# oscar and redheaded cichlid



## aymeh21 (Oct 15, 2010)

I just purchased a redheaded cichlid today and he is currently floating. I have an oscar that is about 6 inches right now and the redhead is about 4.5 inches.

Would it be all right to house these two together in a 55 for now?


----------



## TheFishGuy (Apr 21, 2005)

You'tr going to have to be a little more specific on the "redheaded cichlid" There's quite a few with red heads.  :wink:


----------



## aymeh21 (Oct 15, 2010)

A Vieja Synspila


----------



## TheFishGuy (Apr 21, 2005)

I'd say you have a very short amount of time, I'd also say that they might not make great tank mates no matter the size of the tank... Now, if it were a red head severum then we'd be talking something totally different.... Synspilum have the ability cause major havoc... For no aparent reason some times...


----------



## aymeh21 (Oct 15, 2010)

The search for a new tank begins.....and where to put it!
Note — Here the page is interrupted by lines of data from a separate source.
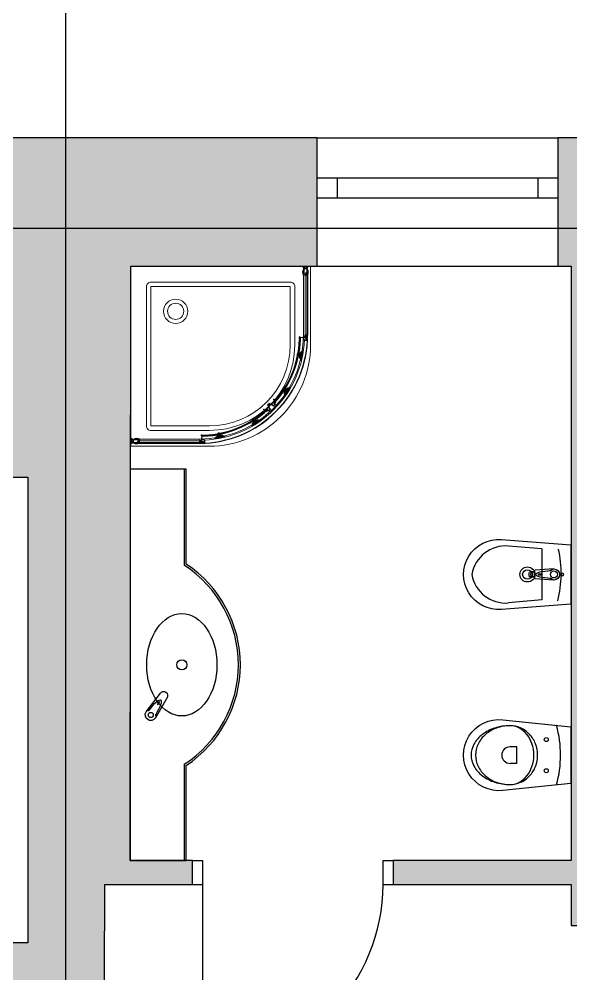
# Model space of a CAD drawing. Header units: millimetres. Extents: x 74752 to 193506, y -83124 to -13126.
# Drawn here: x 86080 to 88831, y -65402 to -60645 of the extents above; entities that cross this region are included whole.
import ezdxf

# ---------------------------------------------------------------- set-up
doc = ezdxf.new("R2010")
doc.units = ezdxf.units.MM
doc.linetypes.add('CENTER2', pattern=[1.125, 0.75, -0.125, 0.125, -0.125])
for name, color, linetype in [('axis', 40, 'CENTER2'), ('door_dwgmodels.com', 250, 'Continuous'), ('hatches', 8, 'Continuous'), ('sanitary', 144, 'Continuous'), ('wall', 5, 'Continuous'), ('Windows', 4, 'Continuous')]:
    doc.layers.add(name, color=color, linetype=linetype)

# ---------------------------------------------------------------- blocks, each defined once
blk = doc.blocks.new('*U30')
at = {"color": 0, "linetype": 'ByBlock', "ltscale": 10}
blk.add_lwpolyline([(-50, 0), (-50, 900, 0.414214), (-950, 0)], format="xyb", dxfattribs=at)
at = {"color": 0}
for points in [[(-1000, 0), (-950, 0), (-950, -120.6), (-1000, -120.6)], [(-50, 0), (0, 0), (0, -120.6), (-50, -120.6)]]:
    blk.add_lwpolyline(points, close=True, dxfattribs=at)
blk = doc.blocks.new('mixer4bidet(plan)')
at = {"color": 0}
for p, q in [((-27.5, 2.5), (-35.3, 2.5)), ((0, 27.5), (94.5, 21.4)), ((97.3, 18.4), (97.3, -18.4)), ((97.3, 11), (103.6, 11)), ((103.6, 13), (112.5, 13)), ((113.4, 12), (121.4, 12)), ((-27.5, -2.5), (-35.3, -2.5)), ((0, -27.5), (94.5, -21.4)), ((97.3, -11), (103.6, -11)), ((103.6, -13), (112.5, -13)), ((113.4, -12), (121.4, -12))]:
    blk.add_line(p, q, dxfattribs=at)
blk.add_circle((-41.7, 0), 6.91, dxfattribs=at)
for centre, radius, start, end in [((0, 0), 27.5, 45.2651, 314.7349), ((0, 0), 24.5, 55.034, 65.9105), ((15.2, 21.7), 2, 235.034, 267.8471), ((94.3, 18.4), 3, 0, 86.3288), ((0, 0), 24.5, 294.0895, 304.966), ((15.2, -21.7), 2, 92.1529, 124.966), ((94.3, -18.4), 3, 273.6712, 0)]:
    blk.add_arc(centre, radius, start, end, dxfattribs=at)
for centre, major_axis, ratio, start_param, end_param in [((0, 0), (90.3, 0), 0.221476, 4.880525, 7.685846), ((103.6, 0), (0, 13), 0.174484, 2.579523, 6.845255), ((103.6, 0), (0, -11), 0.174139, 0, 3.141593), ((112.5, 0), (0, 13), 0.174484, 3.141593, 6.283185), ((121.4, 0), (0, 12), 0.174139, 3.141593, 6.283185)]:
    blk.add_ellipse(centre, major_axis=major_axis, ratio=ratio, start_param=start_param, end_param=end_param, dxfattribs=at)
blk.add_ellipse((70.3, 0), major_axis=(-10, 0), ratio=0.2, dxfattribs=at)
blk = doc.blocks.new('bide')
at = {"color": 0}
for p, q in [((-127, -145.4), (-141.7, -311)), ((-127, -145.4), (127, -145.4)), ((127, -145.4), (141.7, -311))]:
    blk.add_line(p, q, dxfattribs=at)
for points in [[(-148.2, 0), (148.2, 0), (174.5, -346.3, -1.078725), (-174.5, -346.3), (-148.2, 0)], [(-126.7, -62.8, -0.110662), (130.6, -66)]]:
    blk.add_lwpolyline(points, format="xyb", dxfattribs=at)
for centre, radius in [((0, -84.2), 17.5), ((0, -216.3), 37.4), ((0, -216.3), 23.9)]:
    blk.add_circle(centre, radius, dxfattribs=at)
for centre, start, end in [((30.1, -324.4), 175.5479, 259.9546), ((-30.1, -324.4), 280.0454, 4.4521)]:
    blk.add_arc(centre, 172.3, start, end, dxfattribs=at)
at = {"color": 0, "xscale": -1, "rotation": 90}
blk.add_blockref('mixer4bidet(plan)', (0, -84.2), dxfattribs=at)
blk = doc.blocks.new('v1')
at = {"color": 0}
for p, q in [((41.2, -270), (-41.2, -270)), ((-41.2, -270), (-41.2, -303.2)), ((41.2, -270), (41.2, -303.2))]:
    blk.add_line(p, q, dxfattribs=at)
blk.add_lwpolyline([(-141.2, 0), (141.2, 0), (176.5, -339.1, -1.109549), (-176.5, -339.1), (-141.2, 0)], format="xyb", dxfattribs=at)
for centre in [(-77.5, -122.6), (77.5, -122.6)]:
    blk.add_circle(centre, 9.95, dxfattribs=at)
for centre, radius, start, end in [((0, -614.9), 563.7, 74.7124, 105.2876), ((-3.5, -312.6), 146.3, 111.2448, 133.1854), ((-3.5, -312.6), 146.3, 111.2448, 133.1854), ((0, -365), 180.5, 90, 108.5391), ((0, -321.5), 155.9, 90, 111.2448), ((0, -321.5), 155.9, 90, 111.2448), ((0, -321.5), 155.9, 68.7552, 90), ((0, -321.5), 155.9, 68.7552, 90), ((0, -365), 180.5, 71.4609, 90), ((3.5, -312.6), 146.3, 46.8146, 68.7552), ((3.5, -312.6), 146.3, 46.8146, 68.7552), ((-25.7, -315.4), 123.7, 128.9942, 152.905), ((-8.9, -306.8), 138.4, 133.1854, 156.1873), ((-8.9, -306.8), 138.4, 133.1854, 156.1873), ((-10.2, -334.7), 148.5, 108.5391, 128.9942), ((10.2, -334.7), 148.5, 51.0058, 71.4609), ((8.9, -306.8), 138.4, 23.8127, 46.8146), ((8.9, -306.8), 138.4, 23.8127, 46.8146), ((25.7, -315.4), 123.7, 27.095, 51.0058), ((-17.2, -303.1), 129.3, 156.1873, 180), ((-17.2, -303.1), 129.3, 156.1873, 180), ((-49.8, -303.1), 96.8, 152.905, 180), ((17.2, -303.1), 129.3, 0, 23.8127), ((17.2, -303.1), 129.3, 0, 23.8127), ((49.8, -303.1), 96.8, 0, 27.095), ((109.3, -303.1), 255.8, 180, 197.3785), ((55.2, -303.1), 201.8, 180, 199.4203), ((55.2, -303.1), 201.8, 180, 199.4203), ((0, -303.2), 41.2, 180, 0), ((-109.3, -303.1), 255.8, 342.6215, 0), ((-55.2, -303.1), 201.8, 340.5797, 0), ((-55.2, -303.1), 201.8, 340.5797, 0), ((28.2, -312.7), 173.1, 199.4203, 220.4025), ((28.2, -312.7), 173.1, 199.4203, 220.4025), ((55.7, -319.9), 199.6, 197.3785, 217.0738), ((-28.2, -312.7), 173.1, 319.5975, 340.5797), ((-28.2, -312.7), 173.1, 319.5975, 340.5797), ((-55.7, -319.9), 199.6, 322.9262, 342.6215), ((11, -327.3), 150.5, 220.4025, 244.0498), ((11, -327.3), 150.5, 220.4025, 244.0498), ((-11, -327.3), 150.5, 295.9502, 319.5975), ((-11, -327.3), 150.5, 295.9502, 319.5975), ((21.6, -345.6), 157, 217.0738, 241.268), ((0, -349.9), 125.4, 244.0498, 270), ((0, -349.9), 125.4, 244.0498, 270), ((0, -349.9), 125.4, 270, 295.9502), ((0, -349.9), 125.4, 270, 295.9502), ((-21.6, -345.6), 157, 298.732, 322.9262), ((0, -385.1), 112, 241.268, 270), ((0, -385.1), 112, 270, 298.732)]:
    blk.add_arc(centre, radius, start, end, dxfattribs=at)
blk = doc.blocks.new('SSS')
for p, q in [((-1.4, 2.1), (0, 9.2)), ((9.7, -2), (0, 0)), ((11.9, 8.6), (2.2, 10.6)), ((8.1, 3.8), (13.4, 2.8)), ((10.2, 0.7), (11.3, 5.9)), ((15.6, 16.7), (11.9, 8.6)), ((23.1, 18.7), (20.6, 19.2)), ((9.7, -2), (10, -10.9)), ((13.5, -15.2), (16.4, -15.8))]:
    blk.add_line(p, q)
blk.add_lwpolyline([(21.8, 10.7), (19.7, 11.1, 0.414214), (17.6, 9.7), (14.5, -5.3, 0.414214), (15.9, -7.4), (18.1, -7.9)], format="xyb")
for points in [[(21.2, 3.5), (24.7, 2.9), (25.2, 3.3), (28.6, 24.6), (28.3, 25.1), (24.7, 25.7), (24.2, 25.3), (20.8, 4)], [(15.2, -23.8), (18.7, -24.6), (19.2, -24.2), (23.8, -3.1), (23.4, -2.6), (19.9, -1.8), (19.4, -2.2), (14.8, -23.3)]]:
    blk.add_lwpolyline(points, close=True)
blk.add_circle((10.8, 3.3), 3.6)
for centre, radius, start, end in [((0.4, 1.8), 1.8, 168.3985, 258.3985), ((1.8, 8.8), 1.8, 78.3985, 168.3985), ((10.8, 3.3), 5.4, 78.3985, 258.3985), ((19.7, 14.8), 4.5, 78.3985, 155.158), ((14.5, -10.8), 4.5, 181.639, 258.3985)]:
    blk.add_arc(centre, radius, start, end)
blk = doc.blocks.new('Kolo STANDARD PLUS 80')
at = {"color": 0}
for p, q in [((3.7, 783.4), (-0.1, 779.5)), ((-0.1, 779.5), (0.4, 779)), ((3.7, 770.2), (-0.1, 766.4)), ((-0.1, 766.4), (0.4, 765.8)), ((1, 790), (0, 788.8)), ((0, 788.8), (3.7, 785)), ((1, 776.8), (0, 775.6)), ((0, 775.6), (3.7, 771.8)), ((0.4, 779), (1.1, 778.2)), ((0.4, 779), (0.4, 779)), ((0.4, 765.8), (1.1, 765)), ((0.4, 765.8), (0.4, 765.8)), ((4.5, 786.6), (1, 790)), ((4.5, 773.4), (1, 776.8)), ((1.1, 778.2), (4.6, 781.6)), ((1.1, 765), (4.6, 768.4)), ((3.7, 785), (3.7, 783.4)), ((3.7, 771.8), (3.7, 770.2)), ((9.8, 786.6), (4.5, 786.6)), ((9.8, 773.4), (4.5, 773.4)), ((4.6, 781.6), (9.8, 781.6)), ((4.6, 768.4), (9.8, 768.4)), ((5.8, 783.4), (5.8, 785)), ((5.8, 785), (9.8, 785)), ((9.8, 783.4), (5.8, 783.4)), ((5.8, 770.2), (5.8, 771.8)), ((5.8, 771.8), (9.8, 771.8)), ((9.8, 770.2), (5.8, 770.2)), ((9.8, 785), (9.8, 786.6)), ((9.8, 781.6), (9.8, 783.4)), ((9.8, 771.8), (9.8, 773.4)), ((9.8, 768.4), (9.8, 770.2)), ((19, 786.6), (17.3, 786.6)), ((19, 768.6), (17.3, 768.6)), ((20, 785.3), (20, 785.6)), ((20, 784.7), (20, 784.7)), ((20, 769.9), (20, 769.6)), ((39, 787), (306.7, 787)), ((309.7, 783), (306.7, 783)), ((306.7, 783), (306.7, 775.6)), ((310, 781.9), (306.7, 781.9)), ((306.7, 777.6), (307.5, 777.6)), ((306.8, 774.4), (314.6, 774.4)), ((307.8, 777.3), (307.8, 775.8)), ((308.2, 775.4), (309.7, 775.4)), ((310, 775.8), (310, 778.1)), ((313, 782.9), (310.1, 781.9)), ((310.4, 778.4), (310.8, 778.4)), ((311.1, 778.1), (311.1, 775.8)), ((311.5, 775.4), (313.1, 775.4)), ((313.5, 775.8), (313.5, 782.6)), ((315.4, 773.2), (315.4, 769.3)), ((316, 768.7), (321.8, 768.7)), ((328.4, 775.3), (328.4, 783.2)), ((599.6, 640.2), (604.2, 645.1)), ((605.1, 635), (599.6, 640.2)), ((604.2, 645.1), (609.7, 639.8)), ((609.7, 639.8), (605.1, 635)), ((609.7, 616.5), (614.8, 621.9)), ((611.6, 614.8), (609.7, 616.5)), ((616.7, 620.2), (611.6, 614.8)), ((614.8, 621.9), (616.7, 620.2)), ((620.2, 616.7), (614.8, 611.6)), ((614.8, 611.6), (616.5, 609.7)), ((616.5, 609.7), (621.9, 614.8)), ((621.9, 614.8), (620.2, 616.7)), ((639.8, 609.7), (635, 605.1)), ((635, 605.1), (640.2, 599.6)), ((645.1, 604.2), (639.8, 609.7)), ((640.2, 599.6), (645.1, 604.2)), ((768.7, 316), (768.7, 321.8)), ((773.2, 315.4), (769.3, 315.4)), ((774.4, 306.8), (774.4, 314.6)), ((775.3, 328.4), (783.2, 328.4)), ((775.4, 311.5), (775.4, 313.1)), ((775.4, 308.2), (775.4, 309.7)), ((783, 306.7), (775.6, 306.7)), ((775.8, 313.5), (782.6, 313.5)), ((778.1, 311.1), (775.8, 311.1)), ((775.8, 310), (778.1, 310)), ((777.3, 307.8), (775.8, 307.8)), ((777.6, 306.7), (777.6, 307.5)), ((778.4, 310.4), (778.4, 310.8)), ((782.9, 313), (781.9, 310.1)), ((781.9, 310), (781.9, 306.7)), ((783, 309.7), (783, 306.7)), ((787, 39), (787, 306.7)), ((765, 1.1), (768.4, 4.6)), ((765.8, 0.4), (765, 1.1)), ((766.4, -0.1), (765.8, 0.4)), ((765.8, 0.4), (765.8, 0.4)), ((770.2, 3.7), (766.4, -0.1)), ((768.4, 4.6), (768.4, 9.8)), ((768.4, 9.8), (770.2, 9.8)), ((768.6, 19), (768.6, 17.3)), ((769.9, 20), (769.6, 20)), ((770.2, 9.8), (770.2, 5.8)), ((770.2, 5.8), (771.8, 5.8)), ((771.8, 3.7), (770.2, 3.7)), ((771.8, 5.8), (771.8, 9.8)), ((771.8, 9.8), (773.4, 9.8)), ((775.6, 0), (771.8, 3.7)), ((773.4, 9.8), (773.4, 4.5)), ((773.4, 4.5), (776.8, 1)), ((776.8, 1), (775.6, 0)), ((778.2, 1.1), (781.6, 4.6)), ((779, 0.4), (778.2, 1.1)), ((779.5, -0.1), (779, 0.4)), ((779, 0.4), (779, 0.4)), ((783.4, 3.7), (779.5, -0.1)), ((781.6, 4.6), (781.6, 9.8)), ((781.6, 9.8), (783.4, 9.8)), ((783.4, 9.8), (783.4, 5.8)), ((783.4, 5.8), (785, 5.8)), ((785, 3.7), (783.4, 3.7)), ((785, 5.8), (785, 9.8)), ((785, 9.8), (786.6, 9.8)), ((788.8, 0), (785, 3.7)), ((785.3, 20), (785.6, 20)), ((786.6, 19), (786.6, 17.3)), ((786.6, 9.8), (786.6, 4.5)), ((786.6, 4.5), (790, 1)), ((790, 1), (788.8, 0))]:
    blk.add_line(p, q, dxfattribs=at)
at = {"color": 0, "lineweight": 0}
for p, q in [((0, 790), (1, 790)), ((1, 790), (4.5, 786.6)), ((4.5, 786.6), (9.8, 786.6)), ((10.3, 771.6), (6.2, 771.6)), ((6.2, 771.6), (6.2, 770.5)), ((6.2, 770.5), (6.6, 770.5)), ((33.8, 784.7), (6.3, 784.7)), ((6.3, 784.7), (6.3, 783.7)), ((6.3, 783.7), (10.3, 783.7)), ((6.6, 770.5), (33.8, 770.5)), ((6.6, 770.5), (6.6, 770.5)), ((9.8, 786.6), (9.8, 784.7)), ((9.8, 784.7), (11.9, 784.7)), ((10.3, 783.7), (10.3, 771.6)), ((11.7, 771.6), (11.7, 783.5)), ((11.7, 783.5), (33.8, 783.5)), ((33.8, 771.6), (11.7, 771.6)), ((11.9, 786), (12.2, 786.7)), ((11.9, 785.3), (11.9, 786)), ((20, 785.3), (11.9, 785.3)), ((11.9, 784.7), (11.9, 785.3)), ((11.9, 769.9), (20, 769.9)), ((12.2, 786.7), (25.1, 790.3)), ((25.1, 790.3), (38.3, 788.2)), ((29.5, 778.8), (29.5, 781.4)), ((30.5, 778.9), (30.5, 781.3)), ((39, 781.8), (31, 781.8)), ((35, 778.4), (31, 778.4)), ((31.1, 783), (37, 783)), ((33.6, 777.2), (31.1, 777.2)), ((33.8, 783.5), (33.8, 784.7)), ((33.8, 770.5), (33.8, 771.6)), ((35, 778.4), (35, 777.6)), ((37.1, 775.6), (35, 775.6)), ((35.8, 776.8), (37.4, 776.8)), ((37.7, 787), (37.7, 783.8)), ((37.7, 768.2), (37.7, 774.6)), ((37.9, 777.7), (37.9, 777.3)), ((37.9, 777.7), (39, 777.7)), ((38.3, 788.2), (38.9, 787.8)), ((38.9, 787.8), (39, 787)), ((39, 787.1), (39, 768.3)), ((39, 787), (306.7, 787)), ((39, 783), (306.7, 783)), ((39, 775.6), (306.7, 775.6)), ((39, 768.6), (306.7, 768.6)), ((39, 768.1), (39, 768.3)), ((314.5, 776), (314.5, 782.9)), ((314.5, 772.6), (314.7, 773)), ((315.2, 766.1), (314.5, 772.6)), ((314.7, 773), (315.4, 773.1)), ((316, 759.2), (315.2, 766.1)), ((315.3, 764.9), (316.4, 765)), ((316, 768.7), (317.3, 755.5)), ((316.6, 773.2), (316.6, 769.8)), ((316.6, 769.8), (321.8, 769.8)), ((318.6, 784), (318.6, 782.6)), ((319.7, 782.4), (319.7, 784.1)), ((327.3, 775.3), (327.3, 783.2)), ((350, 730), (90, 730)), ((316.8, 751), (316, 759.2)), ((327.5, 751.6), (316.5, 749.3)), ((317.3, 755.5), (325.4, 755.2)), ((317.6, 749.5), (318.4, 750.6)), ((325.3, 754.2), (317.7, 754.2)), ((317.7, 754.2), (318, 750.6)), ((318, 750.6), (327.1, 752.7)), ((325.4, 755.2), (325.3, 754.2)), ((327.1, 752.7), (327.5, 751.6)), ((70, 90), (70, 710)), ((90, 90), (90, 710)), ((350, 710), (90, 710)), ((601.1, 640.2), (601.5, 640.6)), ((604, 637.5), (601.1, 640.2)), ((604.4, 643.6), (603.9, 643.1)), ((605.6, 636.9), (604, 637.5)), ((607.3, 640.9), (604.4, 643.6)), ((605.2, 635.1), (612.2, 642.4)), ((606.2, 634), (613.3, 641.5)), ((607.6, 639.8), (607.3, 640.9)), ((614, 641.5), (620.3, 635.6)), ((615.1, 642.5), (621.2, 636.7)), ((611.3, 626.4), (605.3, 632.1)), ((612.4, 627.3), (606.2, 633.3)), ((614, 622.7), (608.7, 616.7)), ((608.7, 615.5), (610.1, 614.3)), ((612.3, 625.9), (611.8, 625.3)), ((611.8, 625.3), (611.8, 624.8)), ((611.8, 624.8), (614, 622.7)), ((613.9, 613.9), (612.2, 615.4)), ((612.8, 614.9), (612.3, 614.3)), ((620.3, 634.9), (613.1, 627.3)), ((616, 618.4), (613.4, 615.5)), ((614.5, 614.5), (613.4, 615.5)), ((613.7, 624.5), (617.1, 621.5)), ((613.9, 613.9), (615.4, 612.2)), ((621.2, 633.8), (614.3, 626.5)), ((614.9, 612.8), (614.3, 612.3)), ((615.5, 608.7), (614.3, 610.1)), ((614.5, 614.5), (615.5, 613.4)), ((618.4, 616), (615.5, 613.4)), ((616, 618.4), (617.2, 617.2)), ((616.1, 619.6), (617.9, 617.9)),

Ha. I appreciate your help. This is what I get for buying compulsively...I just had to have him though.


----------



## TheFishGuy (Apr 21, 2005)

They are awesome fish, I have bred them in the past... Not the easiest fish to sex but the sheere size of their spawns were amazing!


----------



## aymeh21 (Oct 15, 2010)

Will a 55 be enough for him alone? Is there possible tank mates?

I know now this is completely off topic and in the wrong section...sorry!


----------



## TheFishGuy (Apr 21, 2005)

Eh, I'd say 75.... They are very robust cichlids...


----------